Novel Application of Immunomodulatory Mushroom Polysaccharide (β-Glucan) and Triterpenes for Diabetic Wound Care

β-Glucan and triterpenes are two important derivative compounds from traditional medicinal mushroom, such as Ganoderma lucidum and Antrodia cinnamomea. β-glucan and triterpenes are considered to have immunoregulatory properties in disease treatment for long years. The immunoregulatory effects are usually activated through some transcription of pro-inflammatory genes and possess immunomodulatory activity. Difficulty in healing wound now is a common condition that occurred in diabetic patients, and the physiological hyperglycemic status of diabetic patients resulting in the wounds continue to produce an inflammatory response. Thus, we hope to use β-glucan and triterpenes for difficult wound healing that possess immunomodulatory activity on the wound micro-environment and stimulate the positive effects on healing. In this chapter, these two important derivative compounds from traditional medicinal mushroom were examined by diabetic mammal’s wound healing models. In these models, the skin wounds’ microenvironment is expected close to diabetic foot, suffering in hyperglycemic and inflammatory status. The results are clearly presented, with the immunomodulatory effects from mushroom β-glucan and triterpenes that involved in modulating the cell-mediated immune system to cause cellular proliferation and further to introduce healing performance of the chronic inflammation wounds.

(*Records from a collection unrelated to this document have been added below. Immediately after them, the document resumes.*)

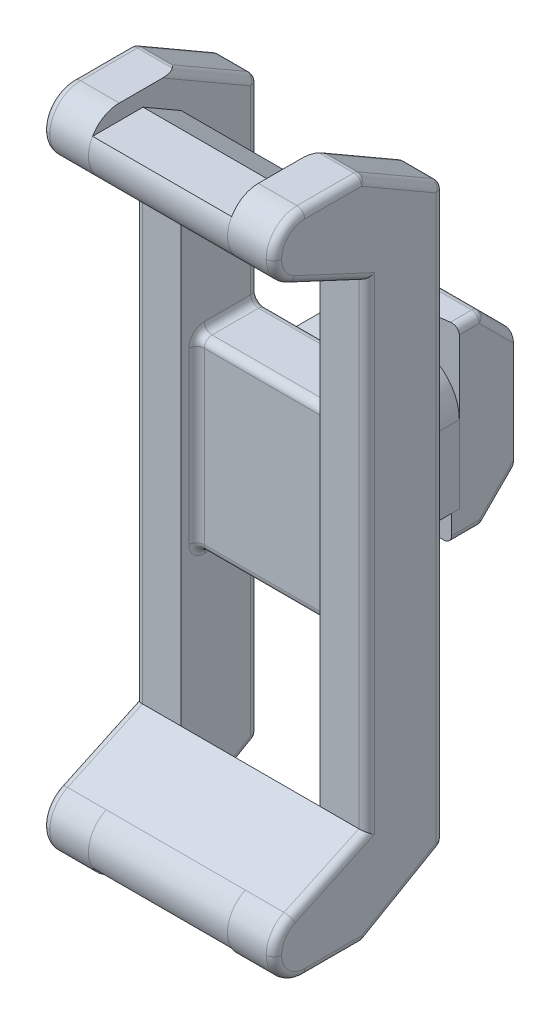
ISO-10303-21;
HEADER;
FILE_DESCRIPTION(('STEP AP214'),'2;1');
FILE_NAME('part.step','',(''),(''),'','','');
FILE_SCHEMA(('AUTOMOTIVE_DESIGN { 1 0 10303 214 1 1 1 1 }'));
ENDSEC;
DATA;
#1=APPLICATION_CONTEXT('core data for automotive mechanical design processes');
#2=APPLICATION_PROTOCOL_DEFINITION('international standard','automotive_design',2000,#1);
#3=PRODUCT_CONTEXT('',#1,'mechanical');
#4=PRODUCT('Part','Part','',(#3));
#5=PRODUCT_RELATED_PRODUCT_CATEGORY('part','',(#4));
#6=PRODUCT_DEFINITION_FORMATION('','',#4);
#7=PRODUCT_DEFINITION_CONTEXT('part definition',#1,'design');
#8=PRODUCT_DEFINITION('design','',#6,#7);
#9=PRODUCT_DEFINITION_SHAPE('','',#8);
#10=(LENGTH_UNIT() NAMED_UNIT(*) SI_UNIT(.MILLI.,.METRE.));
#11=(NAMED_UNIT(*) PLANE_ANGLE_UNIT() SI_UNIT($,.RADIAN.));
#12=(NAMED_UNIT(*) SI_UNIT($,.STERADIAN.) SOLID_ANGLE_UNIT());
#13=UNCERTAINTY_MEASURE_WITH_UNIT(LENGTH_MEASURE(1.E-05),#10,'distance_accuracy_value','');
#14=(GEOMETRIC_REPRESENTATION_CONTEXT(3) GLOBAL_UNCERTAINTY_ASSIGNED_CONTEXT((#13)) GLOBAL_UNIT_ASSIGNED_CONTEXT((#10,
#11,#12)) REPRESENTATION_CONTEXT('',''));
#15=CARTESIAN_POINT('',(0.,0.,0.));
#16=DIRECTION('',(0.,0.,1.));
#17=DIRECTION('',(1.,0.,0.));
#18=AXIS2_PLACEMENT_3D('',#15,#16,#17);
#19=CARTESIAN_POINT('',(-3.,4.64644660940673,-7.14644660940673));
#20=DIRECTION('',(0.,0.707106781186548,0.707106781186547));
#21=DIRECTION('',(0.,-0.707106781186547,0.707106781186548));
#22=AXIS2_PLACEMENT_3D('',#19,#20,#21);
#23=CYLINDRICAL_SURFACE('',#22,0.5);
#24=CARTESIAN_POINT('',(-3.5,3.29289321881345,-8.5));
#25=CARTESIAN_POINT('',(-3.5,3.48293601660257,-8.50000000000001));
#26=CARTESIAN_POINT('',(-3.44857478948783,3.65851266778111,-8.50000000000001));
#27=CARTESIAN_POINT('',(-3.35355339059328,3.79289321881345,-8.5));
#28=(BOUNDED_CURVE() B_SPLINE_CURVE(3,(#24,#25,#26,#27),.UNSPECIFIED.,.F.,
.F.) B_SPLINE_CURVE_WITH_KNOTS((4,4),(4.71238898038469,5.49778714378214),
.UNSPECIFIED.) CURVE() GEOMETRIC_REPRESENTATION_ITEM() RATIONAL_B_SPLINE_CURVE((1.,
0.949253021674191,0.949253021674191,1.)) REPRESENTATION_ITEM(''));
#29=CARTESIAN_POINT('',(-3.5,3.29289321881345,-8.5));
#30=VERTEX_POINT('',#29);
#31=CARTESIAN_POINT('',(-3.35355339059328,3.79289321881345,-8.5));
#32=VERTEX_POINT('',#31);
#33=EDGE_CURVE('P0_E274',#30,#32,#28,.T.);
#34=ORIENTED_EDGE('',*,*,#33,.F.);
#35=DIRECTION('',(0.,-0.707106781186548,-0.707106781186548));
#36=VECTOR('',#35,1.);
#37=CARTESIAN_POINT('',(-3.5,2.75338893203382,-9.03950428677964));
#38=LINE('',#37,#36);
#39=CARTESIAN_POINT('',(-3.5,5.49999999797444,-6.29289322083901));
#40=VERTEX_POINT('',#39);
#41=EDGE_CURVE('P0_E448',#40,#30,#38,.T.);
#42=ORIENTED_EDGE('',*,*,#41,.F.);
#43=CARTESIAN_POINT('',(-3.,5.49999999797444,-6.29289322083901));
#44=DIRECTION('',(0.,-0.707106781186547,-0.707106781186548));
#45=DIRECTION('',(0.,0.707106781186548,-0.707106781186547));
#46=AXIS2_PLACEMENT_3D('',#43,#44,#45);
#47=CIRCLE('',#46,0.5);
#48=CARTESIAN_POINT('',(-2.99999999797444,5.85355339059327,-6.64644660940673));
#49=VERTEX_POINT('',#48);
#50=EDGE_CURVE('P0_E11',#40,#49,#47,.T.);
#51=ORIENTED_EDGE('',*,*,#50,.T.);
#52=DIRECTION('',(0.,0.707106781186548,0.707106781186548));
#53=VECTOR('',#52,1.);
#54=CARTESIAN_POINT('',(-3.,5.,-7.5));
#55=LINE('',#54,#53);
#56=CARTESIAN_POINT('',(-3.,4.14644660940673,-8.35355339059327));
#57=VERTEX_POINT('',#56);
#58=EDGE_CURVE('P0_E301',#57,#49,#55,.T.);
#59=ORIENTED_EDGE('',*,*,#58,.F.);
#60=CARTESIAN_POINT('',(-3.,4.14644660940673,-8.35355339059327));
#61=CARTESIAN_POINT('',(-3.13438055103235,4.05142521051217,-8.44857478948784));
#62=CARTESIAN_POINT('',(-3.25853199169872,3.9272737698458,-8.50000000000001));
#63=CARTESIAN_POINT('',(-3.35355339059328,3.79289321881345,-8.5));
#64=(BOUNDED_CURVE() B_SPLINE_CURVE(3,(#60,#61,#62,#63),.UNSPECIFIED.,.F.,
.F.) B_SPLINE_CURVE_WITH_KNOTS((4,4),(4.71238898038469,5.49778714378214),
.UNSPECIFIED.) CURVE() GEOMETRIC_REPRESENTATION_ITEM() RATIONAL_B_SPLINE_CURVE((1.,
0.949253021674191,0.949253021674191,1.)) REPRESENTATION_ITEM(''));
#65=EDGE_CURVE('P0_E27',#57,#32,#64,.T.);
#66=ORIENTED_EDGE('',*,*,#65,.T.);
#67=EDGE_LOOP('',(#34,#42,#51,#59,#66));
#68=FACE_BOUND('',#67,.T.);
#69=ADVANCED_FACE('P0_F17',(#68),#23,.T.);
#70=CARTESIAN_POINT('',(-2.99999999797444,5.49999999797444,-6.29289322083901));
#71=DIRECTION('',(1.,0.,0.));
#72=DIRECTION('',(0.,0.707106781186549,0.707106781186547));
#73=AXIS2_PLACEMENT_3D('',#70,#71,#72);
#74=SPHERICAL_SURFACE('',#73,0.5);
#75=CARTESIAN_POINT('',(-2.99999999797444,5.49999999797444,-6.29289322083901));
#76=DIRECTION('',(0.,0.,1.));
#77=DIRECTION('',(-1.,0.,0.));
#78=AXIS2_PLACEMENT_3D('',#75,#76,#77);
#79=CIRCLE('',#78,0.500000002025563);
#80=CARTESIAN_POINT('',(-2.99999999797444,6.,-6.29289322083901));
#81=VERTEX_POINT('',#80);
#82=EDGE_CURVE('P0_E452',#81,#40,#79,.T.);
#83=ORIENTED_EDGE('',*,*,#82,.F.);
#84=CARTESIAN_POINT('',(-2.99999999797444,5.5,-6.29289321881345));
#85=DIRECTION('',(-1.,0.,0.));
#86=DIRECTION('',(0.,0.,1.));
#87=AXIS2_PLACEMENT_3D('',#84,#85,#86);
#88=CIRCLE('',#87,0.5);
#89=EDGE_CURVE('P0_E21',#81,#49,#88,.T.);
#90=ORIENTED_EDGE('',*,*,#89,.T.);
#91=ORIENTED_EDGE('',*,*,#50,.F.);
#92=EDGE_LOOP('',(#83,#90,#91));
#93=FACE_BOUND('',#92,.T.);
#94=ADVANCED_FACE('P0_F533',(#93),#74,.T.);
#95=CARTESIAN_POINT('',(3.5,3.79289321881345,-8.));
#96=DIRECTION('',(-1.,0.,0.));
#97=DIRECTION('',(0.,0.,1.));
#98=AXIS2_PLACEMENT_3D('',#95,#96,#97);
#99=CYLINDRICAL_SURFACE('',#98,0.5);
#100=CARTESIAN_POINT('',(3.,4.14644660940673,-8.35355339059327));
#101=CARTESIAN_POINT('',(3.13438055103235,4.05142521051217,-8.44857478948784));
#102=CARTESIAN_POINT('',(3.25853199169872,3.9272737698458,-8.49999999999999));
#103=CARTESIAN_POINT('',(3.35355339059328,3.79289321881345,-8.5));
#104=(BOUNDED_CURVE() B_SPLINE_CURVE(3,(#100,#101,#102,#103),.UNSPECIFIED.,.F.,
.F.) B_SPLINE_CURVE_WITH_KNOTS((4,4),(1.5707963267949,2.35619449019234),
.UNSPECIFIED.) CURVE() GEOMETRIC_REPRESENTATION_ITEM() RATIONAL_B_SPLINE_CURVE((1.,
0.949253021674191,0.949253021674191,1.)) REPRESENTATION_ITEM(''));
#105=CARTESIAN_POINT('',(3.,4.14644660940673,-8.35355339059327));
#106=VERTEX_POINT('',#105);
#107=CARTESIAN_POINT('',(3.35355339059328,3.79289321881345,-8.5));
#108=VERTEX_POINT('',#107);
#109=EDGE_CURVE('P0_E290',#106,#108,#104,.T.);
#110=ORIENTED_EDGE('',*,*,#109,.T.);
#111=DIRECTION('',(1.,0.,0.));
#112=VECTOR('',#111,1.);
#113=CARTESIAN_POINT('',(3.5,3.79289321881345,-8.5));
#114=LINE('',#113,#112);
#115=EDGE_CURVE('P0_E283',#32,#108,#114,.T.);
#116=ORIENTED_EDGE('',*,*,#115,.F.);
#117=ORIENTED_EDGE('',*,*,#65,.F.);
#118=DIRECTION('',(-1.,0.,0.));
#119=VECTOR('',#118,1.);
#120=CARTESIAN_POINT('',(3.5,4.14644660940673,-8.35355339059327));
#121=LINE('',#120,#119);
#122=EDGE_CURVE('P0_E428',#106,#57,#121,.T.);
#123=ORIENTED_EDGE('',*,*,#122,.F.);
#124=EDGE_LOOP('',(#110,#116,#117,#123));
#125=FACE_BOUND('',#124,.T.);
#126=ADVANCED_FACE('P0_F19',(#125),#99,.T.);
#127=CARTESIAN_POINT('',(3.5,5.5,-6.29289321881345));
#128=DIRECTION('',(-1.,0.,0.));
#129=DIRECTION('',(0.,0.,1.));
#130=AXIS2_PLACEMENT_3D('',#127,#128,#129);
#131=CYLINDRICAL_SURFACE('',#130,0.5);
#132=CARTESIAN_POINT('',(2.99999999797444,5.5,-6.29289322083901));
#133=DIRECTION('',(-1.,0.,0.));
#134=DIRECTION('',(0.,0.,1.));
#135=AXIS2_PLACEMENT_3D('',#132,#133,#134);
#136=CIRCLE('',#135,0.5);
#137=CARTESIAN_POINT('',(2.99999999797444,6.,-6.29289321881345));
#138=VERTEX_POINT('',#137);
#139=CARTESIAN_POINT('',(2.99999999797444,5.85355339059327,-6.64644660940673));
#140=VERTEX_POINT('',#139);
#141=EDGE_CURVE('P0_E212',#138,#140,#136,.T.);
#142=ORIENTED_EDGE('',*,*,#141,.T.);
#143=DIRECTION('',(1.,0.,0.));
#144=VECTOR('',#143,1.);
#145=CARTESIAN_POINT('',(3.5,5.85355339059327,-6.64644660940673));
#146=LINE('',#145,#144);
#147=EDGE_CURVE('P0_E296',#49,#140,#146,.T.);
#148=ORIENTED_EDGE('',*,*,#147,.F.);
#149=ORIENTED_EDGE('',*,*,#89,.F.);
#150=DIRECTION('',(-1.,0.,0.));
#151=VECTOR('',#150,1.);
#152=CARTESIAN_POINT('',(3.5,6.,-6.29289321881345));
#153=LINE('',#152,#151);
#154=EDGE_CURVE('P0_E413',#138,#81,#153,.T.);
#155=ORIENTED_EDGE('',*,*,#154,.F.);
#156=EDGE_LOOP('',(#142,#148,#149,#155));
#157=FACE_BOUND('',#156,.T.);
#158=ADVANCED_FACE('P0_F508',(#157),#131,.T.);
#159=CARTESIAN_POINT('',(3.,4.64644660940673,-7.14644660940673));
#160=DIRECTION('',(0.,0.707106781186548,0.707106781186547));
#161=DIRECTION('',(0.,-0.707106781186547,0.707106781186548));
#162=AXIS2_PLACEMENT_3D('',#159,#160,#161);
#163=CYLINDRICAL_SURFACE('',#162,0.5);
#164=DIRECTION('',(0.,0.707106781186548,0.707106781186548));
#165=VECTOR('',#164,1.);
#166=CARTESIAN_POINT('',(3.5,5.14644660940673,-6.64644660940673));
#167=LINE('',#166,#165);
#168=CARTESIAN_POINT('',(3.5,3.29289321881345,-8.5));
#169=VERTEX_POINT('',#168);
#170=CARTESIAN_POINT('',(3.5,5.49999999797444,-6.29289322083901));
#171=VERTEX_POINT('',#170);
#172=EDGE_CURVE('P0_E257',#169,#171,#167,.T.);
#173=ORIENTED_EDGE('',*,*,#172,.F.);
#174=CARTESIAN_POINT('',(3.35355339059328,3.79289321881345,-8.5));
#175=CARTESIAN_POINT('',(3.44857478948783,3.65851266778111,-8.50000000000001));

Diagnosis, Treatment, Multidisciplinary Collaborative Therapy and Prevention of Diabetic Foot

Diabetic foot (DF) is one of the most common complications of diabetes. Diabetic foot is one of the main causes of disability and death of diabetic patients, and it is also a major public health problem that causes a heavy burden on society. Diabetic foot involves a variety of factors including peripheral nerve tissue lesions, ischemic lesions, and reduced body immunity. With the development of medical standards, clinical knowledge and treatment of diabetic foot are constantly improving. Early diagnosis and intervention is the key to reducing the incidence of diabetic foot and improving the cure rate. This chapter will briefly introduce the diagnosis, the treatment, the multidisciplinary collaborative therapy and prevention of diabetic foot.

Neurocognitive Dysfunction and Diabetic Foot

Diabetic foot ulcers are one of the most serious complications associated with diabetes. People with diabetes experience an accelerated rate of age-related cognitive decline, and comorbid complications increase the likelihood of neurocognitive attenuation. The current body of research into neurocognitive functioning in individuals with diabetic foot ulcers is small, but suggests significantly increased rates of neurocognitive dysfunction, and that up to one quarter of this cohort have cognitive functioning consistent with dementia samples. This has implications for utilising disease self-management as the primary treatment model. Neurocognitive deficits mean that understanding, retaining, and adhering to management recommendations are likely to be difficult in this group. Further research is needed in this area to determine the specific neurocognitive profile associated with diabetic foot, including which cognitive domains are the most impacted. The provision of a framework for tailoring management strategies to assist this group with more efficacious disease management is also required.